** Input data follows **

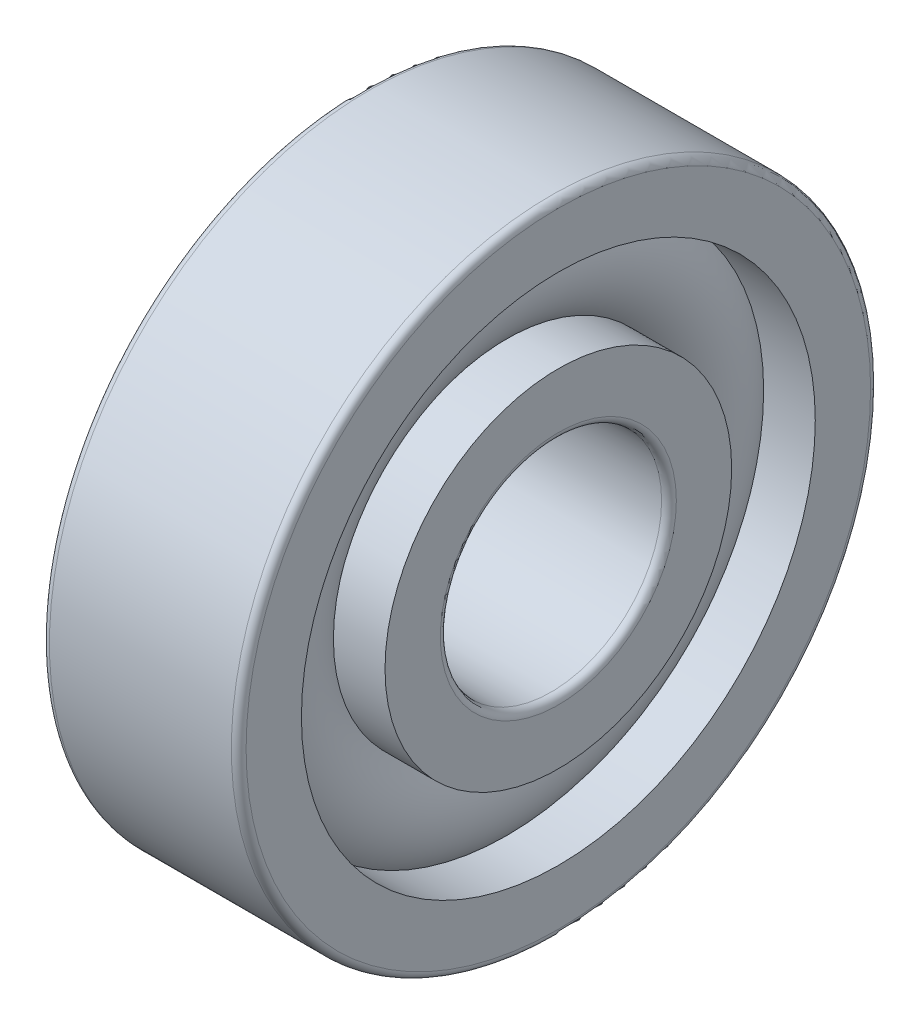
ISO-10303-21;
HEADER;
FILE_DESCRIPTION(('STEP AP214'),'2;1');
FILE_NAME('part.step','',(''),(''),'','','');
FILE_SCHEMA(('AUTOMOTIVE_DESIGN { 1 0 10303 214 1 1 1 1 }'));
ENDSEC;
DATA;
#1=APPLICATION_CONTEXT('core data for automotive mechanical design processes');
#2=APPLICATION_PROTOCOL_DEFINITION('international standard','automotive_design',2000,#1);
#3=PRODUCT_CONTEXT('',#1,'mechanical');
#4=PRODUCT('Part','Part','',(#3));
#5=PRODUCT_RELATED_PRODUCT_CATEGORY('part','',(#4));
#6=PRODUCT_DEFINITION_FORMATION('','',#4);
#7=PRODUCT_DEFINITION_CONTEXT('part definition',#1,'design');
#8=PRODUCT_DEFINITION('design','',#6,#7);
#9=PRODUCT_DEFINITION_SHAPE('','',#8);
#10=(LENGTH_UNIT() NAMED_UNIT(*) SI_UNIT(.MILLI.,.METRE.));
#11=(NAMED_UNIT(*) PLANE_ANGLE_UNIT() SI_UNIT($,.RADIAN.));
#12=(NAMED_UNIT(*) SI_UNIT($,.STERADIAN.) SOLID_ANGLE_UNIT());
#13=UNCERTAINTY_MEASURE_WITH_UNIT(LENGTH_MEASURE(1.E-05),#10,'distance_accuracy_value','');
#14=(GEOMETRIC_REPRESENTATION_CONTEXT(3) GLOBAL_UNCERTAINTY_ASSIGNED_CONTEXT((#13)) GLOBAL_UNIT_ASSIGNED_CONTEXT((#10,
#11,#12)) REPRESENTATION_CONTEXT('',''));
#15=CARTESIAN_POINT('',(0.,0.,0.));
#16=DIRECTION('',(0.,0.,1.));
#17=DIRECTION('',(1.,0.,0.));
#18=AXIS2_PLACEMENT_3D('',#15,#16,#17);
#19=CARTESIAN_POINT('',(0.,0.,0.));
#20=DIRECTION('',(-1.,0.,0.));
#21=DIRECTION('',(0.,0.,1.));
#22=AXIS2_PLACEMENT_3D('',#19,#20,#21);
#23=TOROIDAL_SURFACE('',#22,8.75,2.55);
#24=CARTESIAN_POINT('',(1.90065778087482,0.,0.));
#25=DIRECTION('',(-1.,0.,0.));
#26=DIRECTION('',(0.,0.,1.));
#27=AXIS2_PLACEMENT_3D('',#24,#25,#26);
#28=CIRCLE('',#27,10.45);
#29=CARTESIAN_POINT('',(1.90065778087482,0.,10.45));
#30=VERTEX_POINT('',#29);
#31=EDGE_CURVE('E45',#30,#30,#28,.F.);
#32=ORIENTED_EDGE('',*,*,#31,.T.);
#33=EDGE_LOOP('',(#32));
#34=FACE_BOUND('',#33,.T.);
#35=CARTESIAN_POINT('',(1.90065778087482,0.,0.));
#36=DIRECTION('',(-1.,0.,0.));
#37=DIRECTION('',(0.,0.,1.));
#38=AXIS2_PLACEMENT_3D('',#35,#36,#37);
#39=CIRCLE('',#38,7.05);
#40=CARTESIAN_POINT('',(1.90065778087482,0.,7.05));
#41=VERTEX_POINT('',#40);
#42=EDGE_CURVE('E10',#41,#41,#39,.T.);
#43=ORIENTED_EDGE('',*,*,#42,.T.);
#44=EDGE_LOOP('',(#43));
#45=FACE_BOUND('',#44,.T.);
#46=ADVANCED_FACE('F41',(#34,#45),#23,.T.);
#47=CARTESIAN_POINT('',(-20.6375,0.,0.));
#48=DIRECTION('',(1.,0.,0.));
#49=DIRECTION('',(0.,0.,-1.));
#50=AXIS2_PLACEMENT_3D('',#47,#48,#49);
#51=CYLINDRICAL_SURFACE('',#50,7.05);
#52=CARTESIAN_POINT('',(4.,0.,0.));
#53=DIRECTION('',(1.,0.,0.));
#54=DIRECTION('',(0.,0.,-1.));
#55=AXIS2_PLACEMENT_3D('',#52,#53,#54);
#56=CIRCLE('',#55,7.05);
#57=CARTESIAN_POINT('',(4.,0.,-7.05));
#58=VERTEX_POINT('',#57);
#59=EDGE_CURVE('E56',#58,#58,#56,.T.);
#60=ORIENTED_EDGE('',*,*,#59,.F.);
#61=EDGE_LOOP('',(#60));
#62=FACE_BOUND('',#61,.T.);
#63=ORIENTED_EDGE('',*,*,#42,.F.);
#64=EDGE_LOOP('',(#63));
#65=FACE_BOUND('',#64,.T.);
#66=ADVANCED_FACE('F105',(#62,#65),#51,.T.);
#67=CARTESIAN_POINT('',(-20.6375,0.,0.));
#68=DIRECTION('',(1.,0.,0.));
#69=DIRECTION('',(0.,0.,-1.));
#70=AXIS2_PLACEMENT_3D('',#67,#68,#69);
#71=CYLINDRICAL_SURFACE('',#70,7.05);
#72=CARTESIAN_POINT('',(-4.,0.,0.));
#73=DIRECTION('',(1.,0.,0.));
#74=DIRECTION('',(0.,0.,-1.));
#75=AXIS2_PLACEMENT_3D('',#72,#73,#74);
#76=CIRCLE('',#75,7.05);
#77=CARTESIAN_POINT('',(-4.,0.,-7.05));
#78=VERTEX_POINT('',#77);
#79=EDGE_CURVE('E68',#78,#78,#76,.T.);
#80=ORIENTED_EDGE('',*,*,#79,.T.);
#81=EDGE_LOOP('',(#80));
#82=FACE_BOUND('',#81,.T.);
#83=CARTESIAN_POINT('',(-1.90065778087482,0.,0.));
#84=DIRECTION('',(1.,0.,0.));
#85=DIRECTION('',(0.,0.,-1.));
#86=AXIS2_PLACEMENT_3D('',#83,#84,#85);
#87=CIRCLE('',#86,7.05);
#88=CARTESIAN_POINT('',(-1.90065778087482,0.,-7.05));
#89=VERTEX_POINT('',#88);
#90=EDGE_CURVE('E50',#89,#89,#87,.T.);
#91=ORIENTED_EDGE('',*,*,#90,.F.);
#92=EDGE_LOOP('',(#91));
#93=FACE_BOUND('',#92,.T.);
#94=ADVANCED_FACE('F108',(#82,#93),#71,.T.);
#95=CARTESIAN_POINT('',(4.,4.8,0.));
#96=DIRECTION('',(1.,0.,0.));
#97=DIRECTION('',(0.,0.,-1.));
#98=AXIS2_PLACEMENT_3D('',#95,#96,#97);
#99=PLANE('',#98);
#100=ORIENTED_EDGE('',*,*,#59,.T.);
#101=EDGE_LOOP('',(#100));
#102=FACE_BOUND('',#101,.T.);
#103=CARTESIAN_POINT('',(4.,0.,0.));
#104=DIRECTION('',(1.,0.,0.));
#105=DIRECTION('',(0.,0.,-1.));
#106=AXIS2_PLACEMENT_3D('',#103,#104,#105);
#107=CIRCLE('',#106,4.8);
#108=CARTESIAN_POINT('',(4.,0.,-4.8));
#109=VERTEX_POINT('',#108);
#110=EDGE_CURVE('E95',#109,#109,#107,.T.);
#111=ORIENTED_EDGE('',*,*,#110,.F.);
#112=EDGE_LOOP('',(#111));
#113=FACE_BOUND('',#112,.T.);
#114=ADVANCED_FACE('F102',(#102,#113),#99,.T.);
#115=CARTESIAN_POINT('',(3.7,0.,0.));
#116=DIRECTION('',(1.,0.,0.));
#117=DIRECTION('',(0.,0.,-1.));
#118=AXIS2_PLACEMENT_3D('',#115,#116,#117);
#119=TOROIDAL_SURFACE('',#118,4.8,0.299999999999999);
#120=ORIENTED_EDGE('',*,*,#110,.T.);
#121=EDGE_LOOP('',(#120));
#122=FACE_BOUND('',#121,.T.);
#123=CARTESIAN_POINT('',(3.7,0.,0.));
#124=DIRECTION('',(1.,0.,0.));
#125=DIRECTION('',(0.,0.,-1.));
#126=AXIS2_PLACEMENT_3D('',#123,#124,#125);
#127=CIRCLE('',#126,4.5);
#128=CARTESIAN_POINT('',(3.7,0.,-4.5));
#129=VERTEX_POINT('',#128);
#130=EDGE_CURVE('E91',#129,#129,#127,.T.);
#131=ORIENTED_EDGE('',*,*,#130,.F.);
#132=EDGE_LOOP('',(#131));
#133=FACE_BOUND('',#132,.T.);
#134=ADVANCED_FACE('F119',(#122,#133),#119,.T.);
#135=CARTESIAN_POINT('',(-20.6375,0.,0.));
#136=DIRECTION('',(1.,0.,0.));
#137=DIRECTION('',(0.,0.,-1.));
#138=AXIS2_PLACEMENT_3D('',#135,#136,#137);
#139=CYLINDRICAL_SURFACE('',#138,4.5);
#140=ORIENTED_EDGE('',*,*,#130,.T.);
#141=EDGE_LOOP('',(#140));
#142=FACE_BOUND('',#141,.T.);
#143=CARTESIAN_POINT('',(-3.7,0.,0.));
#144=DIRECTION('',(1.,0.,0.));
#145=DIRECTION('',(0.,0.,-1.));
#146=AXIS2_PLACEMENT_3D('',#143,#144,#145);
#147=CIRCLE('',#146,4.5);
#148=CARTESIAN_POINT('',(-3.7,0.,-4.5));
#149=VERTEX_POINT('',#148);
#150=EDGE_CURVE('E87',#149,#149,#147,.T.);
#151=ORIENTED_EDGE('',*,*,#150,.F.);
#152=EDGE_LOOP('',(#151));
#153=FACE_BOUND('',#152,.T.);
#154=ADVANCED_FACE('F122',(#142,#153),#139,.F.);
#155=CARTESIAN_POINT('',(-3.7,0.,0.));
#156=DIRECTION('',(1.,0.,0.));
#157=DIRECTION('',(0.,0.,-1.));
#158=AXIS2_PLACEMENT_3D('',#155,#156,#157);
#159=TOROIDAL_SURFACE('',#158,4.8,0.299999999999999);
#160=ORIENTED_EDGE('',*,*,#150,.T.);
#161=EDGE_LOOP('',(#160));
#162=FACE_BOUND('',#161,.T.);
#163=CARTESIAN_POINT('',(-4.,0.,0.));
#164=DIRECTION('',(1.,0.,0.));
#165=DIRECTION('',(0.,0.,-1.));
#166=AXIS2_PLACEMENT_3D('',#163,#164,#165);
#167=CIRCLE('',#166,4.8);
#168=CARTESIAN_POINT('',(-4.,0.,-4.8));
#169=VERTEX_POINT('',#168);
#170=EDGE_CURVE('E83',#169,#169,#167,.T.);
#171=ORIENTED_EDGE('',*,*,#170,.F.);
#172=EDGE_LOOP('',(#171));
#173=FACE_BOUND('',#172,.T.);
#174=ADVANCED_FACE('F126',(#162,#173),#159,.T.);
#175=CARTESIAN_POINT('',(-4.,7.05,0.));
#176=DIRECTION('',(-1.,0.,0.));
#177=DIRECTION('',(0.,0.,1.));
#178=AXIS2_PLACEMENT_3D('',#175,#176,#177);
#179=PLANE('',#178);
#180=ORIENTED_EDGE('',*,*,#170,.T.);
#181=EDGE_LOOP('',(#180));
#182=FACE_BOUND('',#181,.T.);
#183=ORIENTED_EDGE('',*,*,#79,.F.);
#184=EDGE_LOOP('',(#183));
#185=FACE_BOUND('',#184,.T.);
#186=ADVANCED_FACE('F130',(#182,#185),#179,.T.);
#187=CARTESIAN_POINT('',(-1.90065778087482,0.,0.));
#188=DIRECTION('',(1.,0.,0.));
#189=DIRECTION('',(0.,0.,-1.));
#190=AXIS2_PLACEMENT_3D('',#187,#188,#189);
#191=CIRCLE('',#190,10.45);
#192=CARTESIAN_POINT('',(-1.90065778087482,0.,-10.45));
#193=VERTEX_POINT('',#192);
#194=EDGE_CURVE('E59',#193,#193,#191,.F.);
#195=ORIENTED_EDGE('',*,*,#194,.T.);
#196=EDGE_LOOP('',(#195));
#197=FACE_BOUND('',#196,.T.);
#198=ORIENTED_EDGE('',*,*,#90,.T.);
#199=EDGE_LOOP('',(#198));
#200=FACE_BOUND('',#199,.T.);
#201=ADVANCED_FACE('F43',(#197,#200),#23,.T.);
#202=CARTESIAN_POINT('',(-20.6375,0.,0.));
#203=DIRECTION('',(1.,0.,0.));
#204=DIRECTION('',(0.,0.,-1.));
#205=AXIS2_PLACEMENT_3D('',#202,#203,#204);
#206=CYLINDRICAL_SURFACE('',#205,10.45);
#207=CARTESIAN_POINT('',(4.,0.,0.));
#208=DIRECTION('',(1.,0.,0.));
#209=DIRECTION('',(0.,0.,-1.));
#210=AXIS2_PLACEMENT_3D('',#207,#208,#209);
#211=CIRCLE('',#210,10.45);
#212=CARTESIAN_POINT('',(4.,0.,-10.45));
#213=VERTEX_POINT('',#212);
#214=EDGE_CURVE('E62',#213,#213,#211,.T.);
#215=ORIENTED_EDGE('',*,*,#214,.T.);
#216=EDGE_LOOP('',(#215));
#217=FACE_BOUND('',#216,.T.);
#218=ORIENTED_EDGE('',*,*,#31,.F.);
#219=EDGE_LOOP('',(#218));
#220=FACE_BOUND('',#219,.T.);
#221=ADVANCED_FACE('F135',(#217,#220),#206,.F.);
#222=CARTESIAN_POINT('',(-20.6375,0.,0.));
#223=DIRECTION('',(1.,0.,0.));
#224=DIRECTION('',(0.,0.,-1.));
#225=AXIS2_PLACEMENT_3D('',#222,#223,#224);
#226=CYLINDRICAL_SURFACE('',#225,10.45);
#227=CARTESIAN_POINT('',(-4.,0.,0.));
#228=DIRECTION('',(1.,0.,0.));
#229=DIRECTION('',(0.,0.,-1.));
#230=AXIS2_PLACEMENT_3D('',#227,#228,#229);
#231=CIRCLE('',#230,10.45);
#232=CARTESIAN_POINT('',(-4.,0.,-10.45));
#233=VERTEX_POINT('',#232);
#234=EDGE_CURVE('E166',#233,#233,#231,.T.);
#235=ORIENTED_EDGE('',*,*,#234,.F.);
#236=EDGE_LOOP('',(#235));
#237=FACE_BOUND('',#236,.T.);
#238=ORIENTED_EDGE('',*,*,#194,.F.);
#239=EDGE_LOOP('',(#238));
#240=FACE_BOUND('',#239,.T.);
#241=ADVANCED_FACE('F138',(#237,#240),#226,.F.);
#242=CARTESIAN_POINT('',(4.,12.7,0.));
#243=DIRECTION('',(1.,0.,0.));
#244=DIRECTION('',(0.,0.,-1.));
#245=AXIS2_PLACEMENT_3D('',#242,#243,#244);
#246=PLANE('',#245);
#247=CARTESIAN_POINT('',(4.,0.,0.));
#248=DIRECTION('',(1.,0.,0.));
#249=DIRECTION('',(0.,0.,-1.));
#250=AXIS2_PLACEMENT_3D('',#247,#248,#249);
#251=CIRCLE('',#250,12.7);
#252=CARTESIAN_POINT('',(4.,0.,-12.7));
#253=VERTEX_POINT('',#252);
#254=EDGE_CURVE('E70',#253,#253,#251,.T.);
#255=ORIENTED_EDGE('',*,*,#254,.T.);
#256=EDGE_LOOP('',(#255));
#257=FACE_BOUND('',#256,.T.);
#258=ORIENTED_EDGE('',*,*,#214,.F.);
#259=EDGE_LOOP('',(#258));
#260=FACE_BOUND('',#259,.T.);
#261=ADVANCED_FACE('F139',(#257,#260),#246,.T.);
#262=CARTESIAN_POINT('',(3.7,0.,0.));
#263=DIRECTION('',(1.,0.,0.));
#264=DIRECTION('',(0.,0.,-1.));
#265=AXIS2_PLACEMENT_3D('',#262,#263,#264);
#266=TOROIDAL_SURFACE('',#265,12.7,0.299999999999999);
#267=CARTESIAN_POINT('',(3.7,0.,0.));
#268=DIRECTION('',(1.,0.,0.));
#269=DIRECTION('',(0.,0.,-1.));
#270=AXIS2_PLACEMENT_3D('',#267,#268,#269);
#271=CIRCLE('',#270,13.);
#272=CARTESIAN_POINT('',(3.7,0.,-13.));
#273=VERTEX_POINT('',#272);
#274=EDGE_CURVE('E76',#273,#273,#271,.T.);
#275=ORIENTED_EDGE('',*,*,#274,.T.);
#276=EDGE_LOOP('',(#275));
#277=FACE_BOUND('',#276,.T.);
#278=ORIENTED_EDGE('',*,*,#254,.F.);
#279=EDGE_LOOP('',(#278));
#280=FACE_BOUND('',#279,.T.);
#281=ADVANCED_FACE('F142',(#277,#280),#266,.T.);
#282=CARTESIAN_POINT('',(-20.6375,0.,0.));
#283=DIRECTION('',(1.,0.,0.));
#284=DIRECTION('',(0.,0.,-1.));
#285=AXIS2_PLACEMENT_3D('',#282,#283,#284);
#286=CYLINDRICAL_SURFACE('',#285,13.);
#287=CARTESIAN_POINT('',(-3.7,0.,0.));
#288=DIRECTION('',(1.,0.,0.));
#289=DIRECTION('',(0.,0.,-1.));
#290=AXIS2_PLACEMENT_3D('',#287,#288,#289);
#291=CIRCLE('',#290,13.);
#292=CARTESIAN_POINT('',(-3.7,0.,-13.));
#293=VERTEX_POINT('',#292);
#294=EDGE_CURVE('E172',#293,#293,#291,.T.);
#295=ORIENTED_EDGE('',*,*,#294,.T.);
#296=EDGE_LOOP('',(#295));
#297=FACE_BOUND('',#296,.T.);
#298=ORIENTED_EDGE('',*,*,#274,.F.);
#299=EDGE_LOOP('',(#298));
#300=FACE_BOUND('',#299,.T.);
#301=ADVANCED_FACE('F146',(#297,#300),#286,.T.);
#302=CARTESIAN_POINT('',(-3.7,0.,0.));
#303=DIRECTION('',(1.,0.,0.));
#304=DIRECTION('',(0.,0.,-1.));
#305=AXIS2_PLACEMENT_3D('',#302,#303,#304);
#306=TOROIDAL_SURFACE('',#305,12.7,0.299999999999999);
#307=CARTESIAN_POINT('',(-4.,0.,0.));
#308=DIRECTION('',(1.,0.,0.));
#309=DIRECTION('',(0.,0.,-1.));
#310=AXIS2_PLACEMENT_3D('',#307,#308,#309);
#311=CIRCLE('',#310,12.7);
#312=CARTESIAN_POINT('',(-4.,0.,-12.7));
#313=VERTEX_POINT('',#312);
#314=EDGE_CURVE('E168',#313,#313,#311,.T.);
#315=ORIENTED_EDGE('',*,*,#314,.T.);
#316=EDGE_LOOP('',(#315));
#317=FACE_BOUND('',#316,.T.);
#318=ORIENTED_EDGE('',*,*,#294,.F.);
#319=EDGE_LOOP('',(#318));
#320=FACE_BOUND('',#319,.T.);
#321=ADVANCED_FACE('F150',(#317,#320),#306,.T.);
#322=CARTESIAN_POINT('',(-4.,10.45,0.));
#323=DIRECTION('',(-1.,0.,0.));
#324=DIRECTION('',(0.,0.,1.));
#325=AXIS2_PLACEMENT_3D('',#322,#323,#324);
#326=PLANE('',#325);
#327=ORIENTED_EDGE('',*,*,#234,.T.);
#328=EDGE_LOOP('',(#327));
#329=FACE_BOUND('',#328,.T.);
#330=ORIENTED_EDGE('',*,*,#314,.F.);
#331=EDGE_LOOP('',(#330));
#332=FACE_BOUND('',#331,.T.);
#333=ADVANCED_FACE('F154',(#329,#332),#326,.T.);
#334=CLOSED_SHELL('',(#46,#66,#94,#114,#134,#154,#174,#186,#201,#221,#241,#261,#281,#301,#321,#333));
#335=MANIFOLD_SOLID_BREP('B2',#334);
#336=ADVANCED_BREP_SHAPE_REPRESENTATION('',(#18,#335),#14);
#337=SHAPE_DEFINITION_REPRESENTATION(#9,#336);
ENDSEC;
END-ISO-10303-21;

** End of Input data **

■ Problem statement ■
I'd like the lines above from the one with "#46=ADVANCED_FACE('F41',(#34,#45),#23,.T.);" up to and including the one with "#75=AXIS2_PLACEMENT_3D('',#72,#73,#74);" copied exactly, with no other lines.

■ Answer section ■
#46=ADVANCED_FACE('F41',(#34,#45),#23,.T.);
#47=CARTESIAN_POINT('',(-20.6375,0.,0.));
#48=DIRECTION('',(1.,0.,0.));
#49=DIRECTION('',(0.,0.,-1.));
#50=AXIS2_PLACEMENT_3D('',#47,#48,#49);
#51=CYLINDRICAL_SURFACE('',#50,7.05);
#52=CARTESIAN_POINT('',(4.,0.,0.));
#53=DIRECTION('',(1.,0.,0.));
#54=DIRECTION('',(0.,0.,-1.));
#55=AXIS2_PLACEMENT_3D('',#52,#53,#54);
#56=CIRCLE('',#55,7.05);
#57=CARTESIAN_POINT('',(4.,0.,-7.05));
#58=VERTEX_POINT('',#57);
#59=EDGE_CURVE('E56',#58,#58,#56,.T.);
#60=ORIENTED_EDGE('',*,*,#59,.F.);
#61=EDGE_LOOP('',(#60));
#62=FACE_BOUND('',#61,.T.);
#63=ORIENTED_EDGE('',*,*,#42,.F.);
#64=EDGE_LOOP('',(#63));
#65=FACE_BOUND('',#64,.T.);
#66=ADVANCED_FACE('F105',(#62,#65),#51,.T.);
#67=CARTESIAN_POINT('',(-20.6375,0.,0.));
#68=DIRECTION('',(1.,0.,0.));
#69=DIRECTION('',(0.,0.,-1.));
#70=AXIS2_PLACEMENT_3D('',#67,#68,#69);
#71=CYLINDRICAL_SURFACE('',#70,7.05);
#72=CARTESIAN_POINT('',(-4.,0.,0.));
#73=DIRECTION('',(1.,0.,0.));
#74=DIRECTION('',(0.,0.,-1.));
#75=AXIS2_PLACEMENT_3D('',#72,#73,#74);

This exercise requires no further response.